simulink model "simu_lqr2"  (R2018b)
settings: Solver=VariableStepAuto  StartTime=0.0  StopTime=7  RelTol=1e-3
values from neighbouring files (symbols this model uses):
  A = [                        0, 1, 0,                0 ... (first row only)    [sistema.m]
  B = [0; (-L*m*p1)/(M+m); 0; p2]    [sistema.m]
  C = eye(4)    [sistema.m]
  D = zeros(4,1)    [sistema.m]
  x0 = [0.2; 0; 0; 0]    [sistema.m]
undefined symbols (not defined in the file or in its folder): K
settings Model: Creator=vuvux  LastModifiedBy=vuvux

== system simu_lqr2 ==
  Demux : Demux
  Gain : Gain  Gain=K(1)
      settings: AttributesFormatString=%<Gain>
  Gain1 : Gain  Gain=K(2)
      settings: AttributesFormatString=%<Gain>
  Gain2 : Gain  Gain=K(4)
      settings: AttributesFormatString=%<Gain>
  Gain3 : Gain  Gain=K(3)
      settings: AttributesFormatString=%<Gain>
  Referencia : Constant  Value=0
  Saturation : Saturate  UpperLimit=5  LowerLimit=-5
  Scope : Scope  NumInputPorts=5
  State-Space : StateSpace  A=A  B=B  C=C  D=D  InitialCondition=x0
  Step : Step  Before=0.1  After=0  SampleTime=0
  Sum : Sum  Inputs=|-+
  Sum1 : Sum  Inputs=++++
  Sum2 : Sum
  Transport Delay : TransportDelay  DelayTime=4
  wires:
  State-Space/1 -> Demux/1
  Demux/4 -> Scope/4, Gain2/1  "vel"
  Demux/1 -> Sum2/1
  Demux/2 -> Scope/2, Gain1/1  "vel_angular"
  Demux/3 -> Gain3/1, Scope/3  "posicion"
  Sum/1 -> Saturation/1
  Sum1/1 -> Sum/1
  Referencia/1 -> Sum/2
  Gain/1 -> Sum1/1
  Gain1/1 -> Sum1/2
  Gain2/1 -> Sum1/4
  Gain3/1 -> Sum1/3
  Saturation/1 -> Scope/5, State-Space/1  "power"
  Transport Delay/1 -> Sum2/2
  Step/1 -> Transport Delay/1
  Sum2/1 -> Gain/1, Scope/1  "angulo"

● **ACTIVITY**
Nothing should be omitted or altered. Retype the records exactly.

● **OUTPUT OF THE EXERCISE**
simulink model "simu_lqr2"  (R2018b)
settings: Solver=VariableStepAuto  StartTime=0.0  StopTime=7  RelTol=1e-3
values from neighbouring files (symbols this model uses):
  A = [                        0, 1, 0,                0 ... (first row only)    [sistema.m]
  B = [0; (-L*m*p1)/(M+m); 0; p2]    [sistema.m]
  C = eye(4)    [sistema.m]
  D = zeros(4,1)    [sistema.m]
  x0 = [0.2; 0; 0; 0]    [sistema.m]
undefined symbols (not defined in the file or in its folder): K
settings Model: Creator=vuvux  LastModifiedBy=vuvux

== system simu_lqr2 ==
  Demux : Demux
  Gain : Gain  Gain=K(1)
      settings: AttributesFormatString=%<Gain>
  Gain1 : Gain  Gain=K(2)
      settings: AttributesFormatString=%<Gain>
  Gain2 : Gain  Gain=K(4)
      settings: AttributesFormatString=%<Gain>
  Gain3 : Gain  Gain=K(3)
      settings: AttributesFormatString=%<Gain>
  Referencia : Constant  Value=0
  Saturation : Saturate  UpperLimit=5  LowerLimit=-5
  Scope : Scope  NumInputPorts=5
  State-Space : StateSpace  A=A  B=B  C=C  D=D  InitialCondition=x0
  Step : Step  Before=0.1  After=0  SampleTime=0
  Sum : Sum  Inputs=|-+
  Sum1 : Sum  Inputs=++++
  Sum2 : Sum
  Transport Delay : TransportDelay  DelayTime=4
  wires:
  State-Space/1 -> Demux/1
  Demux/4 -> Scope/4, Gain2/1  "vel"
  Demux/1 -> Sum2/1
  Demux/2 -> Scope/2, Gain1/1  "vel_angular"
  Demux/3 -> Gain3/1, Scope/3  "posicion"
  Sum/1 -> Saturation/1
  Sum1/1 -> Sum/1
  Referencia/1 -> Sum/2
  Gain/1 -> Sum1/1
  Gain1/1 -> Sum1/2
  Gain2/1 -> Sum1/4
  Gain3/1 -> Sum1/3
  Saturation/1 -> Scope/5, State-Space/1  "power"
  Transport Delay/1 -> Sum2/2
  Step/1 -> Transport Delay/1
  Sum2/1 -> Gain/1, Scope/1  "angulo"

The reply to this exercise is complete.